### WORK TO COMPLETE:
Give the count of lines in the data that include the string "Inport", with no added remarks.
(Beginning of RECORD EXCERPTS)
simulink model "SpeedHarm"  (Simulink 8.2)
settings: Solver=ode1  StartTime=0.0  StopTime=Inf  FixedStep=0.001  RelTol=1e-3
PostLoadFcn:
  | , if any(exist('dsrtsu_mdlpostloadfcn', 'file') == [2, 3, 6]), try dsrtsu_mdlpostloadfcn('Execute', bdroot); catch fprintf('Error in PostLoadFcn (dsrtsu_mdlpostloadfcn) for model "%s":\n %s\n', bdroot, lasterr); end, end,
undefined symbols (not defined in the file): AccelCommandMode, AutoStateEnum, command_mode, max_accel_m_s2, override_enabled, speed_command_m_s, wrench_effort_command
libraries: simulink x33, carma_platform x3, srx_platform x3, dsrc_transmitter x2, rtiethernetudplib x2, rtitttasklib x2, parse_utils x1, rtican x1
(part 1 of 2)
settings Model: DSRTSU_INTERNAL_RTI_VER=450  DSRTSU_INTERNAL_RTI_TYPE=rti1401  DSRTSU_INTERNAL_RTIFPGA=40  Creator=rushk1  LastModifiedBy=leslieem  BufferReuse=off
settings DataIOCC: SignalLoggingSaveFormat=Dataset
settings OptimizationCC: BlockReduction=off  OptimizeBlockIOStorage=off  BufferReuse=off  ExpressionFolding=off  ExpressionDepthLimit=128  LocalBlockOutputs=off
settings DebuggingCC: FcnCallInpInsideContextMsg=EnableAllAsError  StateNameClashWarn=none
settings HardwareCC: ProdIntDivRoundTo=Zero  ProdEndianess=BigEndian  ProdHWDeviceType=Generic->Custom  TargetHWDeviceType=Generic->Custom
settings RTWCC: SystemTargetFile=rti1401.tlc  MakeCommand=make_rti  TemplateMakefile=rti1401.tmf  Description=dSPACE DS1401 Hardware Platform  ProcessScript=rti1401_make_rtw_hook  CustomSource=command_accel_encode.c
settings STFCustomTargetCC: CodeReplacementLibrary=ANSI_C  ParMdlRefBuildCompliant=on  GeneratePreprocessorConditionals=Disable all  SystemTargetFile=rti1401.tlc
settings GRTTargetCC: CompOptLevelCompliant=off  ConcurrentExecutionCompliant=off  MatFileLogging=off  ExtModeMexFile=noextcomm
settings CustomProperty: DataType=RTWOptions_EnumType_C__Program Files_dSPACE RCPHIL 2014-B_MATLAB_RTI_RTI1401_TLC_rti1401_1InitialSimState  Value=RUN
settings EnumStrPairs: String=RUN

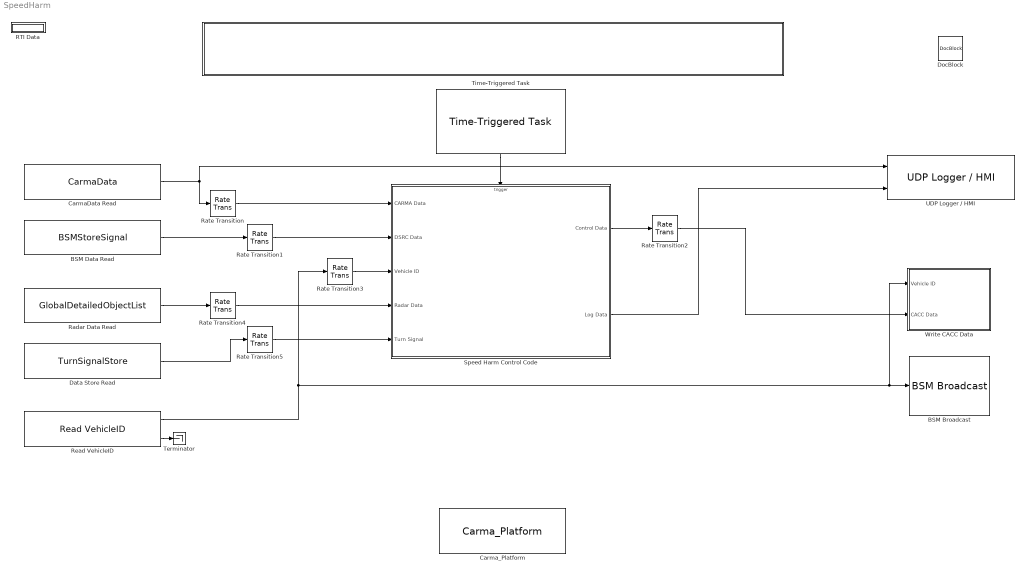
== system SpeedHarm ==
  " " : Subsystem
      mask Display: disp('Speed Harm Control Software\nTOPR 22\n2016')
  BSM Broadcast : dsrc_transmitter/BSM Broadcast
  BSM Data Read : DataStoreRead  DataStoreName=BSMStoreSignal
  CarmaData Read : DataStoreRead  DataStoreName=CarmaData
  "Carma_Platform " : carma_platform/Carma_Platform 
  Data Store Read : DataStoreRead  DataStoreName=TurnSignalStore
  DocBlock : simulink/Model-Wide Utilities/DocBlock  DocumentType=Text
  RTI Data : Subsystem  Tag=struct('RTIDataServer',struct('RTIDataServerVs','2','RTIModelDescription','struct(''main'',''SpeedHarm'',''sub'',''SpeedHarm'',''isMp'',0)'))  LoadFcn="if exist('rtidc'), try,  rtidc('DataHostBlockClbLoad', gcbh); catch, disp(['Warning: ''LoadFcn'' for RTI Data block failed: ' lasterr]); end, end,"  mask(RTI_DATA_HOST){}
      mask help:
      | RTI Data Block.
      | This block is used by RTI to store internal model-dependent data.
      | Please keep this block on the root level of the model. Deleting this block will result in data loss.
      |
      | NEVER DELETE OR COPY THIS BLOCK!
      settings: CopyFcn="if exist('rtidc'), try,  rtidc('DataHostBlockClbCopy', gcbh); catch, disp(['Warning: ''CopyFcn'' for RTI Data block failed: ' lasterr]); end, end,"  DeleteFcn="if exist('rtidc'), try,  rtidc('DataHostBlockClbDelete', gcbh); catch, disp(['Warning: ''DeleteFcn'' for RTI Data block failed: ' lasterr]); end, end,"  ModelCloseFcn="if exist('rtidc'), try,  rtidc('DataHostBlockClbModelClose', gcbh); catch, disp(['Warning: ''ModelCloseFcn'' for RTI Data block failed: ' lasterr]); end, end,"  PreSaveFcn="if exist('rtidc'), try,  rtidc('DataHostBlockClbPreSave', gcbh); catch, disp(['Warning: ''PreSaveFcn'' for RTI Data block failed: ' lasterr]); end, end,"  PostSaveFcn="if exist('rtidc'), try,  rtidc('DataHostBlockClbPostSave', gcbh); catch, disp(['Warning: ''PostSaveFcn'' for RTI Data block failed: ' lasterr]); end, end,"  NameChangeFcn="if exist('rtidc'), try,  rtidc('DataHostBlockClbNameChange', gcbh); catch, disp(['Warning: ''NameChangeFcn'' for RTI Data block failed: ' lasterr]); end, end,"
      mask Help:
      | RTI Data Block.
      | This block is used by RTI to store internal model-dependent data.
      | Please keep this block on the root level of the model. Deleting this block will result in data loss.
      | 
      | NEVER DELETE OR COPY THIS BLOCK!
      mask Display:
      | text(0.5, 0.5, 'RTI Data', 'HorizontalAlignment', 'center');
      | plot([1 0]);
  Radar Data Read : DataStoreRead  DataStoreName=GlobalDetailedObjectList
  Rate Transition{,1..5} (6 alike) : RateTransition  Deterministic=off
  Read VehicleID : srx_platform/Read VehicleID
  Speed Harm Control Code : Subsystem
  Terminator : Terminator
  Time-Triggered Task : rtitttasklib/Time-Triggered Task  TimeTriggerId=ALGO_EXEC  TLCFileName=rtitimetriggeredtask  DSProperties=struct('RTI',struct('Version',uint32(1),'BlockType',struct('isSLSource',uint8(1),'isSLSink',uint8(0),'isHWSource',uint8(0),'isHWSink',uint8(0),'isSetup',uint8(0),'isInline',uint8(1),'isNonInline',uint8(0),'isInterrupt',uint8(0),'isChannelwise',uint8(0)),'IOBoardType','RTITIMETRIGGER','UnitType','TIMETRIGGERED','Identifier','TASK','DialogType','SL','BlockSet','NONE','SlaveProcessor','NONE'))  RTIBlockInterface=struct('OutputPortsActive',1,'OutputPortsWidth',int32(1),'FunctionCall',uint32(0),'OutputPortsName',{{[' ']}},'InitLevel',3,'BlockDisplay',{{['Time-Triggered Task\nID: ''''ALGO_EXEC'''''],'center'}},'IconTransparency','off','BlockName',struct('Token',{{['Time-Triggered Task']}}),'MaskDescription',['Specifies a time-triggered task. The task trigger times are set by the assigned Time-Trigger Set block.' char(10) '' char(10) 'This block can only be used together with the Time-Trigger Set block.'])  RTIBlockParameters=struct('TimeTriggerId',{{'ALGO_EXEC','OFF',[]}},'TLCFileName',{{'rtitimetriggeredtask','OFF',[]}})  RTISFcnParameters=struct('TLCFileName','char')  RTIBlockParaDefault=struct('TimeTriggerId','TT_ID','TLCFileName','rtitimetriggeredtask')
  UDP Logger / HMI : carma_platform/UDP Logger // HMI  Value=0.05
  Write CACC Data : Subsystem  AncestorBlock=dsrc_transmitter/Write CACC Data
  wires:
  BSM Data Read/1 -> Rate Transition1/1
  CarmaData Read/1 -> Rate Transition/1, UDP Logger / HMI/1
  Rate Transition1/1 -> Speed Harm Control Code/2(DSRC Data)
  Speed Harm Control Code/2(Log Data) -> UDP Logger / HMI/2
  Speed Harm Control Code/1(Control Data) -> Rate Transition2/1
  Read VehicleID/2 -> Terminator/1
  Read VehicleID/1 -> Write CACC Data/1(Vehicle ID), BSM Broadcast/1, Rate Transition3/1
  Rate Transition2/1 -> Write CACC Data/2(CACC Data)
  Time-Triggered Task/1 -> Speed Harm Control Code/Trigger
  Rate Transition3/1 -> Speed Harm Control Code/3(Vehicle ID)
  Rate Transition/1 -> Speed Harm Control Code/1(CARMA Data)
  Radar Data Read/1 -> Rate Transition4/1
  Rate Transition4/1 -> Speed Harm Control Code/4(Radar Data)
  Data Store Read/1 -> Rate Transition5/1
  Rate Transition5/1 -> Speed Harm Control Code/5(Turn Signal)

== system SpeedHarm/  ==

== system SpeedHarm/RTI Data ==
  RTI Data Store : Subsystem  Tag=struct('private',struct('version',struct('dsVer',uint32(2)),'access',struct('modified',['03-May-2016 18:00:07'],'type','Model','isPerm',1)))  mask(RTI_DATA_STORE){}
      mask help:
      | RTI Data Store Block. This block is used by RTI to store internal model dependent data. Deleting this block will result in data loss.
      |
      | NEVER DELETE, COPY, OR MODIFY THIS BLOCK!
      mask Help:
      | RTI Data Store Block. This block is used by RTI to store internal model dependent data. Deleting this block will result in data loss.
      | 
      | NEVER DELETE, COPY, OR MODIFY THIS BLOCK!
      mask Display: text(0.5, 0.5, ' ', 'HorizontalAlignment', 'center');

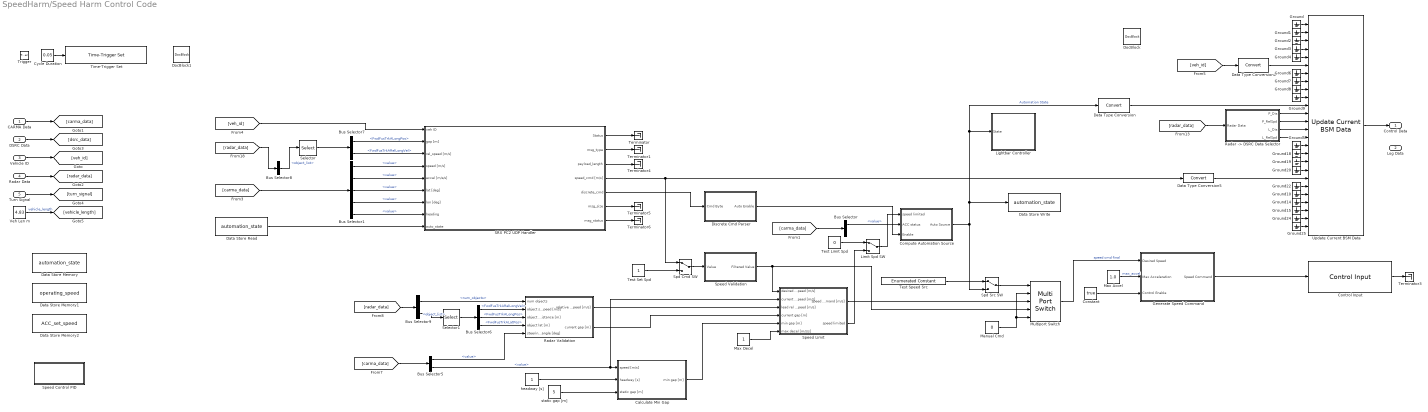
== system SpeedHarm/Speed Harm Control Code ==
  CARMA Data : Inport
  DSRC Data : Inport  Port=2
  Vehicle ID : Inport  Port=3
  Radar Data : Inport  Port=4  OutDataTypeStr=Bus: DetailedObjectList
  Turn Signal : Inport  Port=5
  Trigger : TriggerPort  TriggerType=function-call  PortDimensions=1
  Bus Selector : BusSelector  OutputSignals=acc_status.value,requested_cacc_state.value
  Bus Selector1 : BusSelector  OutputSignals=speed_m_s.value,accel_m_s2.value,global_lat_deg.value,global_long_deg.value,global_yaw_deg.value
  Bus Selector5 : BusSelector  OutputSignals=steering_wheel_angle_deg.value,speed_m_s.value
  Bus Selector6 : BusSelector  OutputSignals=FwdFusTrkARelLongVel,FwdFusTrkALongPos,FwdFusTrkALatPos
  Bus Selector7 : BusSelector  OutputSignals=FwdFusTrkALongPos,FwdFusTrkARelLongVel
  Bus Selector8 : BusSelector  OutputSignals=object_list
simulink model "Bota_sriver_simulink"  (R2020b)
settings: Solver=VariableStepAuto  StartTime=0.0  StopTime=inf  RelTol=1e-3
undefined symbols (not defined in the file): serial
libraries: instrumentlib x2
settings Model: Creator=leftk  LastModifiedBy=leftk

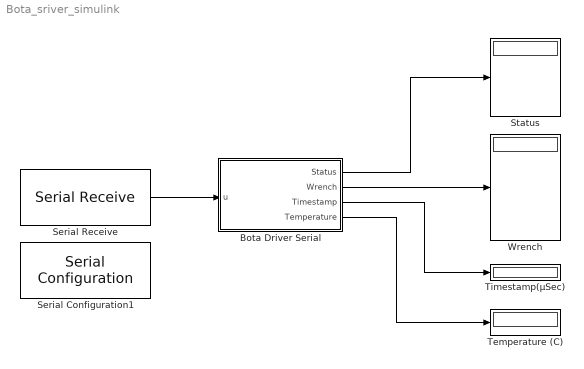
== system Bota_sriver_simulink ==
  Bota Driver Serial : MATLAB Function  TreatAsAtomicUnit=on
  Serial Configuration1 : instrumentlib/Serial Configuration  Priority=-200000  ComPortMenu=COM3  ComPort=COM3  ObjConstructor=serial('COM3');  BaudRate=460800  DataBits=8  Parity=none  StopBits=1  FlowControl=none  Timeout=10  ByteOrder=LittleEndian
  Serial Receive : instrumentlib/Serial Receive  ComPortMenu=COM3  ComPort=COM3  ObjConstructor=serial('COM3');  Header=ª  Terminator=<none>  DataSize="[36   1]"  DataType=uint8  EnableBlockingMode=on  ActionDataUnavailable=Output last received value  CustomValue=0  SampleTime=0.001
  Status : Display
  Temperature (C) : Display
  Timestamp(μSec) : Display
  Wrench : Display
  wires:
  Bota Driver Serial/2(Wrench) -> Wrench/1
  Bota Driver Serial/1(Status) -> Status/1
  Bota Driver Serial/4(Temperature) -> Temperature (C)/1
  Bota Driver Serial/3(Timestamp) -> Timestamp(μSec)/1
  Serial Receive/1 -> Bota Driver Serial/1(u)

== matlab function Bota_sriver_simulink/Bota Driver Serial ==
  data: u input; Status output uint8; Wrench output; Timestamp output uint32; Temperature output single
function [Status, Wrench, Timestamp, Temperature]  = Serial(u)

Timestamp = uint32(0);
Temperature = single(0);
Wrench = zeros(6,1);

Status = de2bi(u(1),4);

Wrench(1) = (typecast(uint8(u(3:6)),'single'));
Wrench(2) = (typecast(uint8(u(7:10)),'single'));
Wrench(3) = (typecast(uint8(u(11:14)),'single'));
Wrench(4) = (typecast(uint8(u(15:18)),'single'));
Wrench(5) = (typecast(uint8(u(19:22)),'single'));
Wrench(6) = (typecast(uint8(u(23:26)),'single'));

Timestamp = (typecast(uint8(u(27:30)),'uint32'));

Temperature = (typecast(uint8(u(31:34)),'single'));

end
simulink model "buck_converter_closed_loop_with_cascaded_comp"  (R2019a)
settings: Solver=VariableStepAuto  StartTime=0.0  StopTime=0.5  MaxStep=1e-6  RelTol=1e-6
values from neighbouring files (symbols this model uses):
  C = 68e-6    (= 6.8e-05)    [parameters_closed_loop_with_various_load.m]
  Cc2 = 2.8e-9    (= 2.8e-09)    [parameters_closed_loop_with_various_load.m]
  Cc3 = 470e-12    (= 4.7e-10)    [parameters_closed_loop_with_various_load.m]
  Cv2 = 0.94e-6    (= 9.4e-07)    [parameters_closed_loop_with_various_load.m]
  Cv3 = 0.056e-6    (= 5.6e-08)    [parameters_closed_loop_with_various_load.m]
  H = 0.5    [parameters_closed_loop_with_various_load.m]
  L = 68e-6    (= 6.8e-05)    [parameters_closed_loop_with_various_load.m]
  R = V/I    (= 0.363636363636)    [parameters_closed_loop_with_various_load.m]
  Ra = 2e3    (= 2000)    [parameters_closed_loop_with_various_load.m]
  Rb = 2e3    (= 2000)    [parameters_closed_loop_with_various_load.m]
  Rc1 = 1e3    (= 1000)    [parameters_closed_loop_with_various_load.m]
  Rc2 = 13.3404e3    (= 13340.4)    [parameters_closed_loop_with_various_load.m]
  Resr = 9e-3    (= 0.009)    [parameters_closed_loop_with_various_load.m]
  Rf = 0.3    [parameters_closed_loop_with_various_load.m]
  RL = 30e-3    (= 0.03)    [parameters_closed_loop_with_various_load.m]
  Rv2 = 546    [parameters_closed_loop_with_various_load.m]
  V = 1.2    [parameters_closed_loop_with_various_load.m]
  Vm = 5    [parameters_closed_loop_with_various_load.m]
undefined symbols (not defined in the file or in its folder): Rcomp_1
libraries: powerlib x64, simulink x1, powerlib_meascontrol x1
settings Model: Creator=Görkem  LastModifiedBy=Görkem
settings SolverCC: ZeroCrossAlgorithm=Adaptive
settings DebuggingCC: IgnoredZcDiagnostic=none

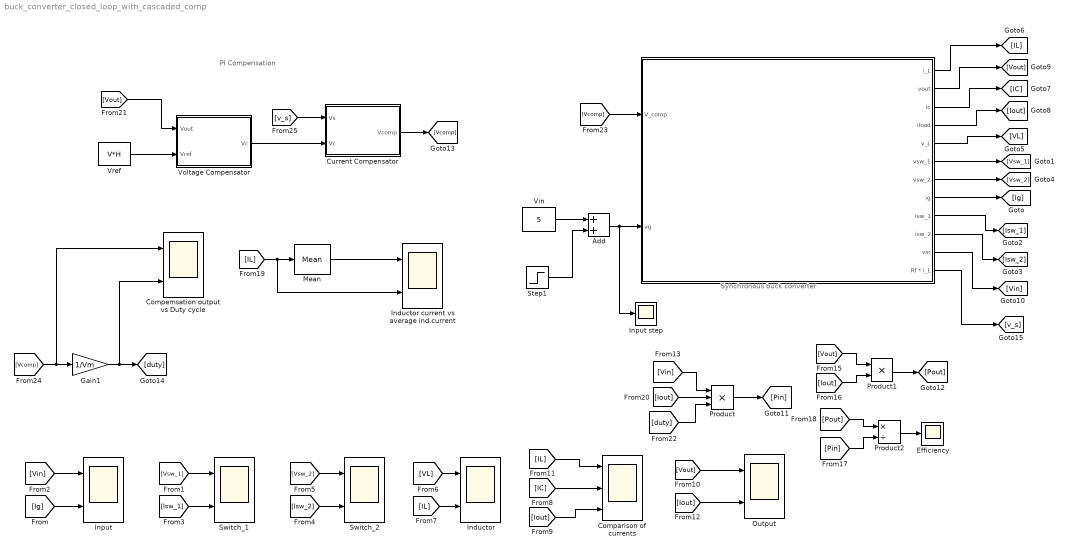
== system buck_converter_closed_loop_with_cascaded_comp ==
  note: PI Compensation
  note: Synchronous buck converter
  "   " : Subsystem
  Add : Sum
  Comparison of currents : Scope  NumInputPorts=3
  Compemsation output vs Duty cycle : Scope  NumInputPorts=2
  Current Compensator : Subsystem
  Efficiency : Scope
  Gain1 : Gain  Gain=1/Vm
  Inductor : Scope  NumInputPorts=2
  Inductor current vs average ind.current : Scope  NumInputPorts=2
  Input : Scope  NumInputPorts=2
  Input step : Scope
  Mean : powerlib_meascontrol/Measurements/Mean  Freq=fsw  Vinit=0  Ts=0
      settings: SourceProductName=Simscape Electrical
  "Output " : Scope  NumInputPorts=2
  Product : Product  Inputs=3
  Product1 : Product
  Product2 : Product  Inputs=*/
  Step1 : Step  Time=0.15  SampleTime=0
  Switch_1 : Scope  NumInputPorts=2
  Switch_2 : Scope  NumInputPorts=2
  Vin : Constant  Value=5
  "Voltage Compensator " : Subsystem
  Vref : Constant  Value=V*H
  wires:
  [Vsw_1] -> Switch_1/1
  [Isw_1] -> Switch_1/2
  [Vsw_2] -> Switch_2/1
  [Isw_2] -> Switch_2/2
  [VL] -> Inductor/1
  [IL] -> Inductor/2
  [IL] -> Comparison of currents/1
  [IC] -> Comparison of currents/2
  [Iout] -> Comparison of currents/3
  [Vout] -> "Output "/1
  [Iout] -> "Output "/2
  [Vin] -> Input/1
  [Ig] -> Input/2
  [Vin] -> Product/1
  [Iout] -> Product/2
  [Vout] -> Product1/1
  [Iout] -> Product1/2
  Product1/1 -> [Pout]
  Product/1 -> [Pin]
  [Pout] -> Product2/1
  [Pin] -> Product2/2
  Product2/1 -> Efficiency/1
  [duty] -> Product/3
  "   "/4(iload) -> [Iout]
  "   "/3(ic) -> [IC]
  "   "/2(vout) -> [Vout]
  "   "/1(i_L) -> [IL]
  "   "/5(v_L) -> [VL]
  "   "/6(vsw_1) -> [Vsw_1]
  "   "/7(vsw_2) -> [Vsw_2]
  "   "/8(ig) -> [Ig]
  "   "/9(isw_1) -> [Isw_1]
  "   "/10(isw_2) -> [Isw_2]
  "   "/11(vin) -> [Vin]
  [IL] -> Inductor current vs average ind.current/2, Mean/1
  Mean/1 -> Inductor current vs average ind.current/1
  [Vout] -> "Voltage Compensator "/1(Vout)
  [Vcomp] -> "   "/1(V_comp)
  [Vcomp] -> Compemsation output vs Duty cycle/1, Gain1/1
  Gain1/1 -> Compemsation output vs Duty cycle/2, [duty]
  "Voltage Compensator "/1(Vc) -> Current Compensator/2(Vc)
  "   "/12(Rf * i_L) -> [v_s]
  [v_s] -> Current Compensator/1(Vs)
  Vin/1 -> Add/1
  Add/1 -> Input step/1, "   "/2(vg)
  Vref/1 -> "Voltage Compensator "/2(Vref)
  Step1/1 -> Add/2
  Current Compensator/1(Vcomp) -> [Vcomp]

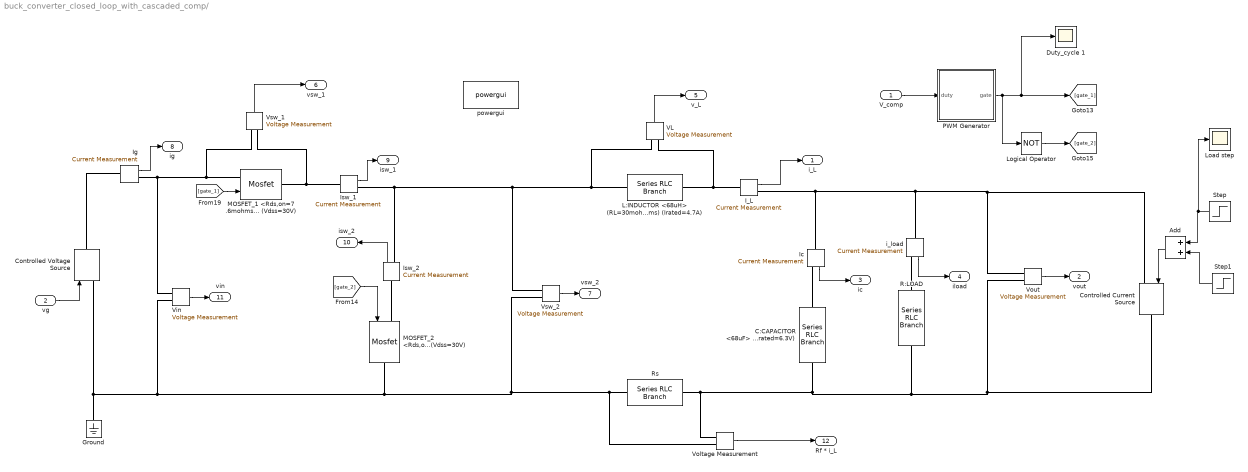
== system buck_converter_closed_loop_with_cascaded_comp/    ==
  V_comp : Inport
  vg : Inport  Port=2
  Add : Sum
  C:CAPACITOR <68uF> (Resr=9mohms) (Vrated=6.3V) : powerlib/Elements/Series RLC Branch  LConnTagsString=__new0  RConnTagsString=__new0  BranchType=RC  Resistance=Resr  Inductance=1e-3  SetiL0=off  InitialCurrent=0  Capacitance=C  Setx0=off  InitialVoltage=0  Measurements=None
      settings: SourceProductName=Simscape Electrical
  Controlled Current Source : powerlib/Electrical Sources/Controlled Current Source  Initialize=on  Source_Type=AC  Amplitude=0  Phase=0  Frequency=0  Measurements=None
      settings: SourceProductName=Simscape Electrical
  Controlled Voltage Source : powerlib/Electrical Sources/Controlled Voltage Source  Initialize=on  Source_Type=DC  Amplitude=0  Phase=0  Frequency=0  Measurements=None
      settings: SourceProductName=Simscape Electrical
(End of RECORD EXCERPTS)
### OUTPUT FOR THIS TASK:
7